By mixing black and white paint into several shades, a slab can be made that transitions smoothly from black to white. I found that 30 was a good starting point, mixed in ratios of black to white of 0:30, 1:29, 2:28, etc. However, at both ends of the grayscale, mostly white or mostly black, the difference in shades was more pronounced. Here, I made more mixes, but painted fewer coats with each mix. My total shades, with these half-steps was probably closer to 36.
For apply paint, I found a roller gave the most even, consistent coats of paint. I tried other methods, applying the paint in thicker layers, but found as the layers built up, it was hard to keep the surface level. Thick layers of paint could also crack. I let the paint dry at least a half hour between coats (when it felt dry to the touch), but this may change depending on the type of paint you are using, and the temperature/humidity. I applied the paint to plywood panel, which I also used for fixation.

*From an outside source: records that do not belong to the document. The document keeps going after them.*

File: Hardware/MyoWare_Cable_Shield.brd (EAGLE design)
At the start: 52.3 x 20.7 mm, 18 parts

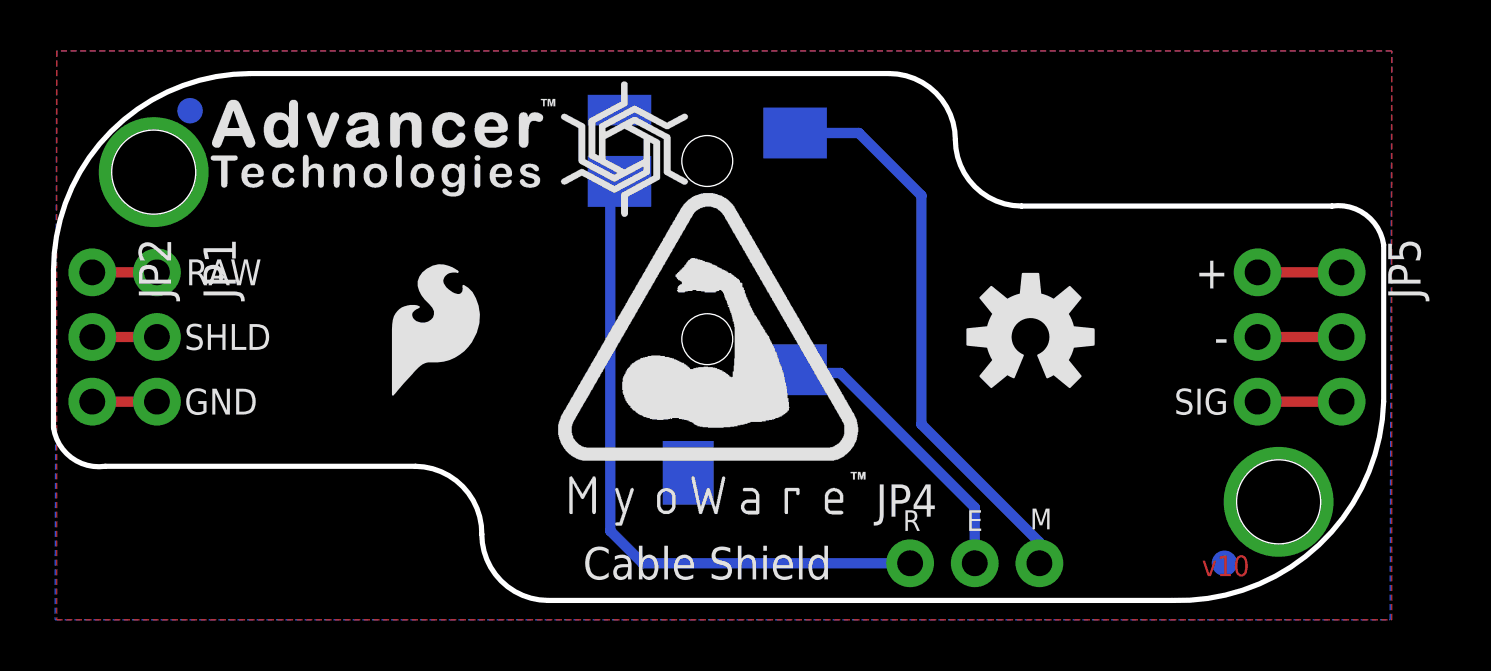
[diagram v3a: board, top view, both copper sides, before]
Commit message: scooted the fiducials inward just a bit for better recognition
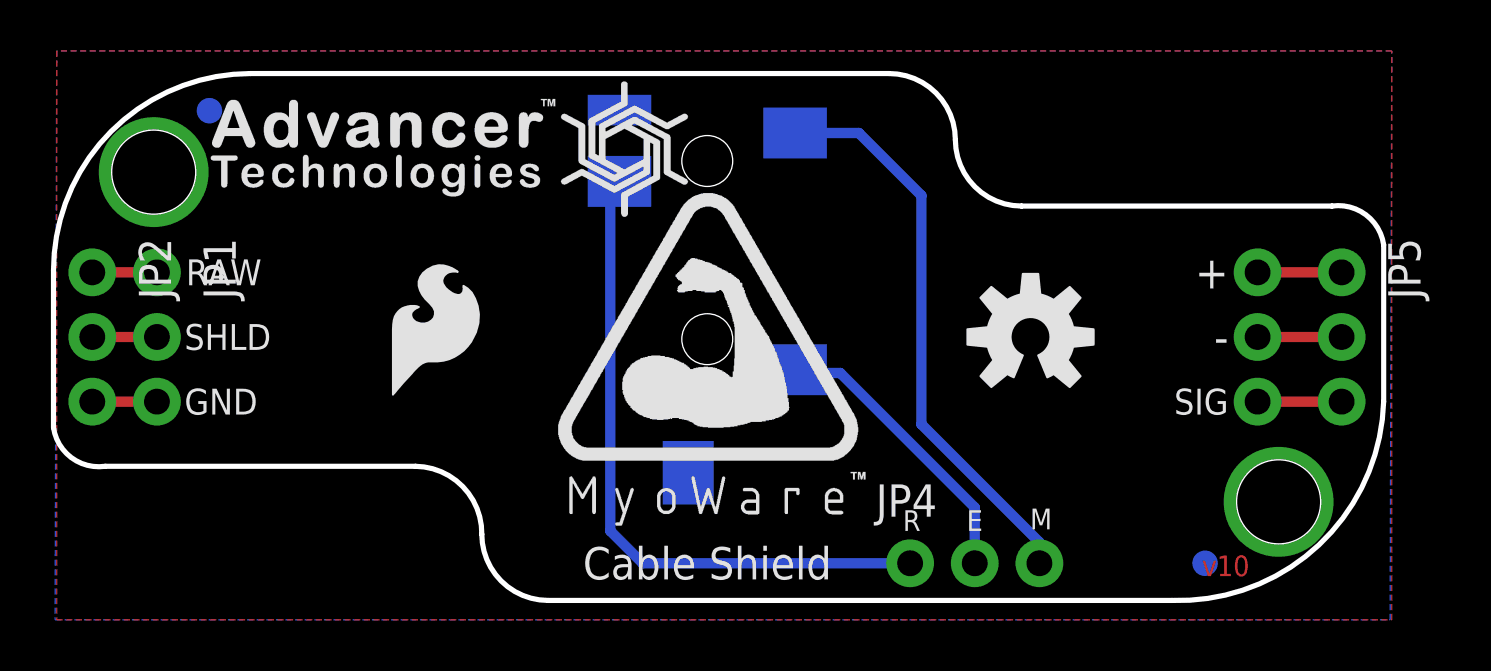
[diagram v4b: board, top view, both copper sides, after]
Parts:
- moved FID1 0.76 mm to (19.6, -8.89)
- moved FID2 0.76 mm to (-19.6, 8.89)
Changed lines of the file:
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@@
 <setting verticaltext="up"/>
 </settings>
-<grid distance="0.05" unitdist="inch" unit="inch" style="lines" multiple="1" display="yes" altdistance="0.005" altunitdist="inch" altunit="inch"/>
+<grid distance="0.01" unitdist="inch" unit="inch" style="lines" multiple="1" display="yes" altdistance="0.001" altunitdist="inch" altunit="inch"/>
 <layers>
 <layer number="1" name="Top" color="4" fill="1" visible="yes" active="yes"/>
@@
 <layer number="18" name="Vias" color="2" fill="1" visible="yes" active="yes"/>
 <layer number="19" name="Unrouted" color="6" fill="1" visible="yes" active="yes"/>
-<layer number="20" name="Dimension" color="15" fill="1" visible="yes" active="yes"/>
-<layer number="21" name="tPlace" color="16" fill="1" visible="yes" active="yes"/>
-<layer number="22" name="bPlace" color="14" fill="1" visible="yes" active="yes"/>
+<layer number="20" name="Dimension" color="6" fill="1" visible="yes" active="yes"/>
+<layer number="21" name="tPlace" color="6" fill="1" visible="yes" active="yes"/>
+<layer number="22" name="bPlace" color="6" fill="1" visible="yes" active="yes"/>
 <layer number="23" name="tOrigins" color="15" fill="1" visible="yes" active="yes"/>
 <layer number="24" name="bOrigins" color="15" fill="1" visible="yes" active="yes"/>
@@
 <element name="STANDOFF1" library="SparkFun-Electromechanical" package="STAND-OFF" value="STAND-OFF" x="-21.74875" y="6.477"/>
 <element name="STANDOFF2" library="SparkFun-Electromechanical" package="STAND-OFF" value="STAND-OFF" x="22.44725" y="-6.477"/>
-<element name="FID2" library="SparkFun-Aesthetics" package="FIDUCIAL-1X2" value="FIDUCIAL1X2" x="-20.32" y="8.89" rot="MR0"/>
-<element name="FID1" library="SparkFun-Aesthetics" package="FIDUCIAL-1X2" value="FIDUCIAL1X2" x="20.32" y="-8.89" rot="MR0"/>
+<element name="FID2" library="SparkFun-Aesthetics" package="FIDUCIAL-1X2" value="FIDUCIAL1X2" x="-19.558" y="8.89" rot="MR0"/>
+<element name="FID1" library="SparkFun-Aesthetics" package="FIDUCIAL-1X2" value="FIDUCIAL1X2" x="19.558" y="-8.89" rot="MR0"/>
 <element name="JP3" library="SparkFun-Connectors" package="AUDIO-JACK-3.5MM-SMD" value="3.5mm Jack" x="0" y="10.414" rot="MR270">
 <attribute name="PROD_ID" value="CONN-10353" x="0" y="10.414" size="1.778" layer="28" rot="MR270" display="off"/>

How much paint do you need? This takes some planning and some trial and error to figure out. On the acrylic paint can, the labeling will tell you the coverage, per gallon. From this you can calculate the thickness of each coat of paint (volume/coverage However, this will not give you the dry thickness, as a lot of volume (40-70%) will disappear as the paint dries. How much depends on the brand and type of paint. I found that Behr Premium (interior eggshell) had pretty small volume loss (about 50%), is fairly inexpensive, and machines well (for paint). If using Behr Premium, you would need a volume of paint equal to twice the volume of the slab you want to create. For example, a paint slab 12” x 12” x 0.5” has a volume of 72 in^3 or 0.0417 ft^3. You would need twice this amount of paint for this slab, .0833 ft^3 or about 0.63 gallons.
Knowing the coverage will also give you a sense of how many coats of paint you will need to paint. For example, Behr has a coverage of 400 sq ft, per gallon. This means each coat has a thickness of .004 inches (1 gallon or .1334 ft^3/400 ft&2). Half that thickness will be lost in drying, so each coat’s dry thickness is .002. To achieve a half inch height for your slab, you will need 250 (.5”/.002”) coats of paint.
I would suggest that you paint up a few substrates at the same time, as this can take several days, if not weeks, to paint.
Step 4: Programming the Machining Operations
Now that you have your substrate and your model, you are ready to program the machining operations. A relief at a reasonable resolution has a high polygon count, which eliminates some software packages, like CAMWorks and MasterCam, because the files are too big to handle. My image was 629x800 pixels, and resulted in an STL with just over 1 million polygons. I used Visual Mill for my CAM software.
I machined this as I would a soft plastic. The end mills to use depend on your image size and resolution. My CNC machine is a Roland 540. For roughing I used a ¼” ball mill at 12000 RPM, cutting at 30 in/minute. For my 11x14” image, the smallest ball mill I used overall was 1/8”. However, I used a 1/16" ball in areas of high detail. My machining time was around 12 hours.
If your CAM software can provide a color comparison between the simulated part and the model, this is helpful to check if your model will be machined with the desired level of accuracy. You can apply a black-to-gray color map, and see how closely the simulation matches the source image.
Best of luck! If you try this, I’d love to hear about it.